Im vorliegenden Fall gab es nicht einmal den Hauch des Ansatzes einer Sanierung, es gab nur die Sicherung der Masse und in dem praktizierten Fall gilt die Devise: „Wir saßen einst in einem Boot, der Käpten lebt, die Mannschaft tot.“ Das Problem ist nur, dass in diesem Fall nicht der Firmeninhaber die Mannschaft war, sondern der Insolvenzverwalter. Und das, glaube ich, ist eine Verschiebung, eine Akzentverschiebung. Deswegen reicht es mir nicht nur, die Arbeitnehmerprüfung mit in die Debatte zu stellen, sondern auch die Masseprüfung, die Insolvenzprüfung, die Verfahrenseröffnung zu prüfen, das ist eine andere Abteilung in der Justiz, das ist eben nicht der Bereich Arbeitsrecht. Wäre das eine mit dem anderen rechtzeitiger abgestimmt worden, wäre wahrscheinlich schon im Verfahrensgang feststellbar gewesen, dass das Verfahren nicht hätte eröffnet werden dürfen. Deswegen meine Bitte auch in die Prüfung und noch mal die Frage der Eröffnung von Verfahren und der Prüfung der Eröffnung von Verfahren mit reinzunehmen und die Frage, ob staatliche Prozesskostenhilfe eingesetzt werden kann, wo dann der wirtschaftlich Schwächere auf einmal der Insolvenzverwalter ist.

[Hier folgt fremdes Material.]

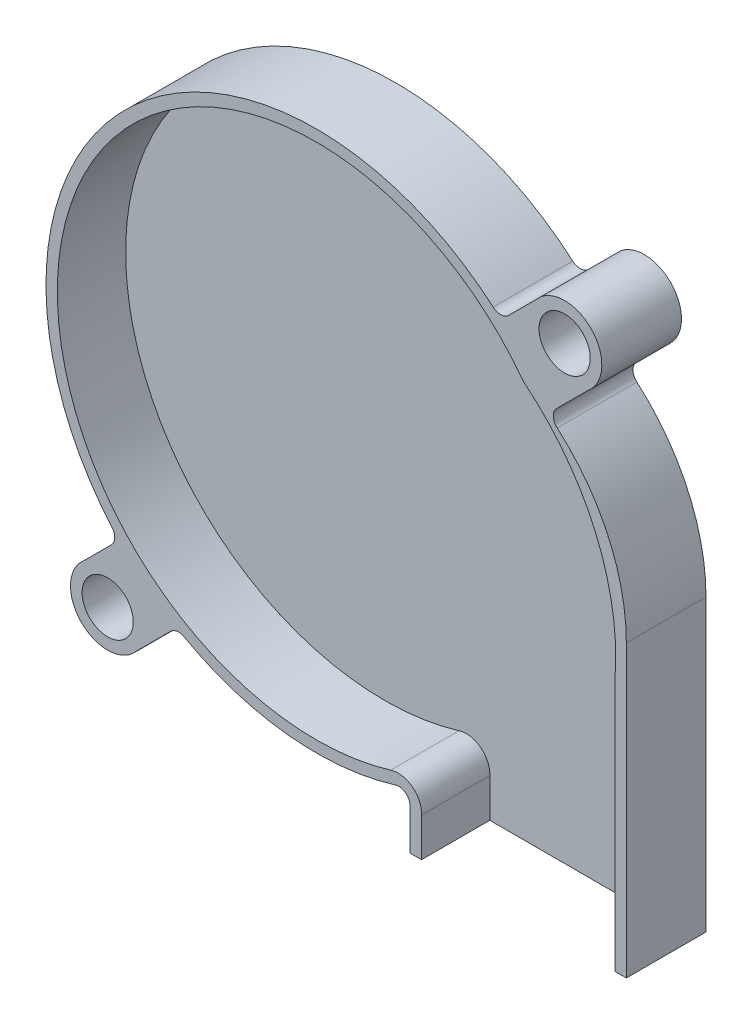
ISO-10303-21;
HEADER;
FILE_DESCRIPTION(('STEP AP214'),'2;1');
FILE_NAME('part.step','',(''),(''),'','','');
FILE_SCHEMA(('AUTOMOTIVE_DESIGN { 1 0 10303 214 1 1 1 1 }'));
ENDSEC;
DATA;
#1=APPLICATION_CONTEXT('core data for automotive mechanical design processes');
#2=APPLICATION_PROTOCOL_DEFINITION('international standard','automotive_design',2000,#1);
#3=PRODUCT_CONTEXT('',#1,'mechanical');
#4=PRODUCT('Part','Part','',(#3));
#5=PRODUCT_RELATED_PRODUCT_CATEGORY('part','',(#4));
#6=PRODUCT_DEFINITION_FORMATION('','',#4);
#7=PRODUCT_DEFINITION_CONTEXT('part definition',#1,'design');
#8=PRODUCT_DEFINITION('design','',#6,#7);
#9=PRODUCT_DEFINITION_SHAPE('','',#8);
#10=(LENGTH_UNIT() NAMED_UNIT(*) SI_UNIT(.MILLI.,.METRE.));
#11=(NAMED_UNIT(*) PLANE_ANGLE_UNIT() SI_UNIT($,.RADIAN.));
#12=(NAMED_UNIT(*) SI_UNIT($,.STERADIAN.) SOLID_ANGLE_UNIT());
#13=UNCERTAINTY_MEASURE_WITH_UNIT(LENGTH_MEASURE(1.E-05),#10,'distance_accuracy_value','');
#14=(GEOMETRIC_REPRESENTATION_CONTEXT(3) GLOBAL_UNCERTAINTY_ASSIGNED_CONTEXT((#13)) GLOBAL_UNIT_ASSIGNED_CONTEXT((#10,
#11,#12)) REPRESENTATION_CONTEXT('',''));
#15=CARTESIAN_POINT('',(0.,0.,0.));
#16=DIRECTION('',(0.,0.,1.));
#17=DIRECTION('',(1.,0.,0.));
#18=AXIS2_PLACEMENT_3D('',#15,#16,#17);
#19=CARTESIAN_POINT('',(45.5819490562044,39.5715414161188,7.));
#20=DIRECTION('',(0.,0.,-1.));
#21=DIRECTION('',(-1.,0.,0.));
#22=AXIS2_PLACEMENT_3D('',#19,#20,#21);
#23=CYLINDRICAL_SURFACE('',#22,1.);
#24=DIRECTION('',(0.,0.,1.));
#25=VECTOR('',#24,1.);
#26=CARTESIAN_POINT('',(44.8748422750179,40.2786481973053,7.));
#27=LINE('',#26,#25);
#28=CARTESIAN_POINT('',(44.8748422750179,40.2786481973053,7.));
#29=VERTEX_POINT('',#28);
#30=CARTESIAN_POINT('',(44.8748422750179,40.2786481973053,0.));
#31=VERTEX_POINT('',#30);
#32=EDGE_CURVE('E298',#29,#31,#27,.F.);
#33=ORIENTED_EDGE('',*,*,#32,.F.);
#34=CARTESIAN_POINT('',(45.5819490562044,39.5715414161188,7.));
#35=DIRECTION('',(0.,0.,1.));
#36=DIRECTION('',(1.,0.,0.));
#37=AXIS2_PLACEMENT_3D('',#34,#35,#36);
#38=CIRCLE('',#37,1.);
#39=CARTESIAN_POINT('',(44.9263590662377,38.816424362242,7.));
#40=VERTEX_POINT('',#39);
#41=EDGE_CURVE('E304',#29,#40,#38,.T.);
#42=ORIENTED_EDGE('',*,*,#41,.T.);
#43=DIRECTION('',(0.,0.,-1.));
#44=VECTOR('',#43,1.);
#45=CARTESIAN_POINT('',(44.9263590662377,38.816424362242,7.));
#46=LINE('',#45,#44);
#47=CARTESIAN_POINT('',(44.9263590662377,38.816424362242,0.));
#48=VERTEX_POINT('',#47);
#49=EDGE_CURVE('E301',#48,#40,#46,.F.);
#50=ORIENTED_EDGE('',*,*,#49,.F.);
#51=CARTESIAN_POINT('',(45.5819490562044,39.5715414161188,0.));
#52=DIRECTION('',(0.,0.,1.));
#53=DIRECTION('',(1.,0.,0.));
#54=AXIS2_PLACEMENT_3D('',#51,#52,#53);
#55=CIRCLE('',#54,1.);
#56=EDGE_CURVE('E306',#48,#31,#55,.F.);
#57=ORIENTED_EDGE('',*,*,#56,.T.);
#58=EDGE_LOOP('',(#33,#42,#50,#57));
#59=FACE_BOUND('',#58,.T.);
#60=ADVANCED_FACE('F33',(#59),#23,.F.);
#61=CARTESIAN_POINT('',(51.,0.,7.));
#62=DIRECTION('',(0.,1.,0.));
#63=DIRECTION('',(-1.,0.,0.));
#64=AXIS2_PLACEMENT_3D('',#61,#62,#63);
#65=PLANE('',#64);
#66=DIRECTION('',(1.,0.,0.));
#67=VECTOR('',#66,1.);
#68=CARTESIAN_POINT('',(33.,0.,1.));
#69=LINE('',#68,#67);
#70=CARTESIAN_POINT('',(33.,0.,1.));
#71=VERTEX_POINT('',#70);
#72=CARTESIAN_POINT('',(50.,0.,1.));
#73=VERTEX_POINT('',#72);
#74=EDGE_CURVE('E194',#71,#73,#69,.T.);
#75=ORIENTED_EDGE('',*,*,#74,.F.);
#76=DIRECTION('',(0.,0.,1.));
#77=VECTOR('',#76,1.);
#78=CARTESIAN_POINT('',(33.,0.,1.));
#79=LINE('',#78,#77);
#80=CARTESIAN_POINT('',(33.,0.,7.));
#81=VERTEX_POINT('',#80);
#82=EDGE_CURVE('E252',#71,#81,#79,.T.);
#83=ORIENTED_EDGE('',*,*,#82,.T.);
#84=DIRECTION('',(1.,0.,0.));
#85=VECTOR('',#84,1.);
#86=CARTESIAN_POINT('',(51.,0.,7.));
#87=LINE('',#86,#85);
#88=CARTESIAN_POINT('',(32.,0.,7.));
#89=VERTEX_POINT('',#88);
#90=EDGE_CURVE('E217',#89,#81,#87,.T.);
#91=ORIENTED_EDGE('',*,*,#90,.F.);
#92=DIRECTION('',(0.,0.,-1.));
#93=VECTOR('',#92,1.);
#94=CARTESIAN_POINT('',(32.,0.,7.));
#95=LINE('',#94,#93);
#96=CARTESIAN_POINT('',(32.,0.,0.));
#97=VERTEX_POINT('',#96);
#98=EDGE_CURVE('E247',#89,#97,#95,.T.);
#99=ORIENTED_EDGE('',*,*,#98,.T.);
#100=DIRECTION('',(1.,0.,0.));
#101=VECTOR('',#100,1.);
#102=CARTESIAN_POINT('',(51.,0.,0.));
#103=LINE('',#102,#101);
#104=CARTESIAN_POINT('',(51.,0.,0.));
#105=VERTEX_POINT('',#104);
#106=EDGE_CURVE('E248',#97,#105,#103,.T.);
#107=ORIENTED_EDGE('',*,*,#106,.T.);
#108=DIRECTION('',(0.,0.,-1.));
#109=VECTOR('',#108,1.);
#110=CARTESIAN_POINT('',(51.,0.,7.));
#111=LINE('',#110,#109);
#112=CARTESIAN_POINT('',(51.,0.,7.));
#113=VERTEX_POINT('',#112);
#114=EDGE_CURVE('E295',#113,#105,#111,.T.);
#115=ORIENTED_EDGE('',*,*,#114,.F.);
#116=CARTESIAN_POINT('',(50.,0.,7.));
#117=VERTEX_POINT('',#116);
#118=EDGE_CURVE('E209',#117,#113,#87,.T.);
#119=ORIENTED_EDGE('',*,*,#118,.F.);
#120=DIRECTION('',(0.,0.,1.));
#121=VECTOR('',#120,1.);
#122=CARTESIAN_POINT('',(50.,0.,1.));
#123=LINE('',#122,#121);
#124=EDGE_CURVE('E48',#73,#117,#123,.T.);
#125=ORIENTED_EDGE('',*,*,#124,.F.);
#126=EDGE_LOOP('',(#75,#83,#91,#99,#107,#115,#119,#125));
#127=FACE_BOUND('',#126,.T.);
#128=ADVANCED_FACE('F207',(#127),#65,.F.);
#129=CARTESIAN_POINT('',(51.,0.,7.));
#130=DIRECTION('',(-1.,0.,0.));
#131=DIRECTION('',(0.,0.,1.));
#132=AXIS2_PLACEMENT_3D('',#129,#130,#131);
#133=PLANE('',#132);
#134=DIRECTION('',(0.,1.,0.));
#135=VECTOR('',#134,1.);
#136=CARTESIAN_POINT('',(51.,0.,0.));
#137=LINE('',#136,#135);
#138=CARTESIAN_POINT('',(51.,25.5,0.));
#139=VERTEX_POINT('',#138);
#140=EDGE_CURVE('E251',#105,#139,#137,.T.);
#141=ORIENTED_EDGE('',*,*,#140,.T.);
#142=DIRECTION('',(0.,0.,-1.));
#143=VECTOR('',#142,1.);
#144=CARTESIAN_POINT('',(51.,25.5,7.));
#145=LINE('',#144,#143);
#146=CARTESIAN_POINT('',(51.,25.5,7.));
#147=VERTEX_POINT('',#146);
#148=EDGE_CURVE('E292',#147,#139,#145,.T.);
#149=ORIENTED_EDGE('',*,*,#148,.F.);
#150=DIRECTION('',(0.,1.,0.));
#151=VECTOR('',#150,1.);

Wir reden von Arbeitnehmern, die auf Niedriglohnbasis entlohnt worden sind. Wir reden von Stundenlöhnern, die mit einem extrem niedrigen Stundenlohn ausstaffiert waren, und denen hat der Insolvenzverwalter sogar noch vorgeworfen, sie hätten ja wissen müssen, dass ihre Firma in Insolvenz geht, weil sie zweimal unregelmäßig Lohn bekommen haben. Da, meine werten Kolleginnen und Kollegen, stellen wir uns einmal vor, welcher Frieden in einem Betrieb entsteht, wenn zweimal unpünktlich Lohn gezahlt wird und dann gesagt wird, wenn ihr jetzt nicht den Insolvenzantrag als Arbeitsnehmer stellt, dann müsst ihr gegen euch gelten lassen, dass der Lohn, den ihr bekommen habt - wir reden von Niedriglohn, wir reden von nicht einmal existenzsichernden Löhnen, um die es hier geht -, und wenn zweimal nicht pünktlich gezahlt wird, müssen sie selber zum Insolvenzverwalter gehen und die Insolvenz beantragen. Das heißt, wir tragen mit dieser Maßnahme den Unfrieden, den Rechtsunfrieden in den Betrieb und belasten die Arbeitnehmer mit den Folgen noch obendrauf.
(Beifall DIE LINKE)
Deswegen sage ich, ja, Sie haben recht, es geht nicht darum, zurück in das alte Konkursrecht zu kommen, aber es geht auch nicht, dass Arbeitnehmer, die schon ausgeschieden sind, die keine Perspektive auf zukünftige Arbeit im gleichen Betrieb haben, dass denen dann der Insolvenzverwalter sagt, und eure Löhne, die ihr schon drei Monate rückwärts bekommen habt, die fordern wir zurück und damit wir sie zurückfordern, wird staatliches Geld dafür eingesetzt - Prozesskostenhilfe. Dieses Ungleichgewicht ist eine der großen Facetten wie bei der Firma Patrol - das ist die eine Firma -, und wenn sie das Insolvenzbüro nehmen und wenn sie die Folgen dieser Firmensanierungsansätze mal sehen, im muss es vorsichtig formulieren, finden sie das Geschäftsmodell, von dem ich spreche, an verschiedenen Stellen. Ich glaube, so war das Insolvenzrecht nicht gemeint, dass es einseitig zur Sicherung von Arbeitsplätzen oder Gewinnmargen von Insolvenzverwaltungen und Rechtsanwaltsbüros dient. Es sollte dem Rechtsfrieden, es sollte der Sanierung und es sollte der Zukunft dienen und nicht der Zukunft des Insolvenzverwalters. Vielen Dank.